What is the rehabilitation process like for the pits you rescue?
We look at the rescue model differently. We don’t rescue based on how many dogs we can save, it’s more about quality over quantity. We invest 100% in every dog we rescue, from rehabilitation all the way to post-adoption. All of our foster parents are required to come to weekly training classes. Every dog has their own training plan, because every dog is different. Out of the 300 pit bulls we’ve fostered and rescued, we’ve never had to euthanize one for behavioral issues.
Maegan Carlile, fitness coach, volunteer for TLP and long time Pit Bull advocate, is pictured here with one of her recent fosters, Ella.

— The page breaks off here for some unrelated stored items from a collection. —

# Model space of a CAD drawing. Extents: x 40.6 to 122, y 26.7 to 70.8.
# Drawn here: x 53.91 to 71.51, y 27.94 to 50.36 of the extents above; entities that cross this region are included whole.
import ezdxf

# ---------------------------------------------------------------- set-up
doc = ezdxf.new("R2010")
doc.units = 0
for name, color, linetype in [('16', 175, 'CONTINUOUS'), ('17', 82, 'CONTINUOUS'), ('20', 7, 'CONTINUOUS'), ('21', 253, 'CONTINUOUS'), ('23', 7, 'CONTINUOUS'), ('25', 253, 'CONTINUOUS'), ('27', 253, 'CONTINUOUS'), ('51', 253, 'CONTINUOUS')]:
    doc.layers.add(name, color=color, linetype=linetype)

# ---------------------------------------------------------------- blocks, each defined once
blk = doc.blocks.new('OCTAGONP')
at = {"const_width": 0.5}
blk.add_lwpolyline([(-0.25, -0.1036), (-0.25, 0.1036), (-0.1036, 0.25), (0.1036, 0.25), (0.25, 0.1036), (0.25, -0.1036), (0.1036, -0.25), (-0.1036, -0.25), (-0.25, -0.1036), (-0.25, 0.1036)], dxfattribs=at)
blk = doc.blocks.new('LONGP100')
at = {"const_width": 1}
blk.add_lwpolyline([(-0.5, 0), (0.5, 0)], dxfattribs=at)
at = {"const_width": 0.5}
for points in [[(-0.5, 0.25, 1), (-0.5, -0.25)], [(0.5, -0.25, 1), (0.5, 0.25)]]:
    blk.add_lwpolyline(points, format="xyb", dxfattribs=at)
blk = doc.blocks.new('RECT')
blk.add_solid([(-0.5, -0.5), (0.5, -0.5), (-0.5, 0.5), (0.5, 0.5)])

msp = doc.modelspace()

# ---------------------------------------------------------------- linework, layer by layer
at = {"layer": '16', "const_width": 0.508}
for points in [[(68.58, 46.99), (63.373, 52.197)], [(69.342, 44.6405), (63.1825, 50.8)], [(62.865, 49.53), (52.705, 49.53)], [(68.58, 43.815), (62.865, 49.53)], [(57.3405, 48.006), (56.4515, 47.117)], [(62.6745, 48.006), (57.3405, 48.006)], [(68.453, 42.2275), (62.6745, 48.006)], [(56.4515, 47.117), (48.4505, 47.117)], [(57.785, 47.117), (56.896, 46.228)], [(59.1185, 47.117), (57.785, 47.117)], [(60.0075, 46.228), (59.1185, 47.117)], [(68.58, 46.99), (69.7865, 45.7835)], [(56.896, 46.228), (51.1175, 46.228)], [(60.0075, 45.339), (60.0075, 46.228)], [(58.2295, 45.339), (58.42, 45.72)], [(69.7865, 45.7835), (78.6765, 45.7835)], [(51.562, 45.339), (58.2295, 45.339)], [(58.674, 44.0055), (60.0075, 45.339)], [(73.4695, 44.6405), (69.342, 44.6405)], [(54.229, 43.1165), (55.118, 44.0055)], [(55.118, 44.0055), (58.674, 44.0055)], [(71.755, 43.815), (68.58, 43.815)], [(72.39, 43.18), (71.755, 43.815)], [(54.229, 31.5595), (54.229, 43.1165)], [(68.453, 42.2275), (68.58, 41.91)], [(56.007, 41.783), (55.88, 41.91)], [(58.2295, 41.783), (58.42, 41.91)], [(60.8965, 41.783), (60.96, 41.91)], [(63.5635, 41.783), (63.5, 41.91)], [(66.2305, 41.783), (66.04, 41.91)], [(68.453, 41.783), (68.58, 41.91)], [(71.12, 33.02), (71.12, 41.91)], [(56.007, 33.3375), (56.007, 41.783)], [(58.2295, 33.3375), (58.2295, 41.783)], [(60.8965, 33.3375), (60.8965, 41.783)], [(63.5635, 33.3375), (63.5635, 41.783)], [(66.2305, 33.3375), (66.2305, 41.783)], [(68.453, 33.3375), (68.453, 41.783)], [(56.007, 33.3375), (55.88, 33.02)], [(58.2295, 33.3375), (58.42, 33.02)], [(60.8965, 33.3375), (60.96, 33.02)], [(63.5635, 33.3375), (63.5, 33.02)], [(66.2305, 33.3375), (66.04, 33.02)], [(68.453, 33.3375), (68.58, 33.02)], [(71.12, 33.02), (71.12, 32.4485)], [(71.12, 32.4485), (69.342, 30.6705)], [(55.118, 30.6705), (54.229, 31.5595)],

What are some ways that people can support or otherwise get involved with the Love Pit?
We are a 100% volunteer-based rescue, so donations are big for us. We’re very focused on transparency. We want you to know where your money goes. We also do not use boarding or kennel facilities, which means the number of dogs we can save depends on how many foster homes we have. Foster parents are basically the heartbeat of our rescue. When you foster with us, you’re not alone. You have your your own trainer, your own medical coordinator. We cover all bedding costs. We also offer to pay for all dog food.
Is the Love Pit doing anything special for Pit Bull Awareness Month (2017)?
Yes we are! We have quite a few things going on this month. We just started a new education program called Keep Calm, Bully On. A big part of our mission is not only rescue, training and rehabilitating, but also advocating and educating. After two years, we’re now finally able to start the educational portion of our mission. We’re launching this for Pit Bull Awareness Month.
We’re going to be down in Houston at Spinal Tap Brewery on Pit Bull Awareness Day (2017) as well for a Pit Bull Awareness festival, which we’re hosting in partnership with Brave Bully Rescue and Good Lif3 Bully Rescue.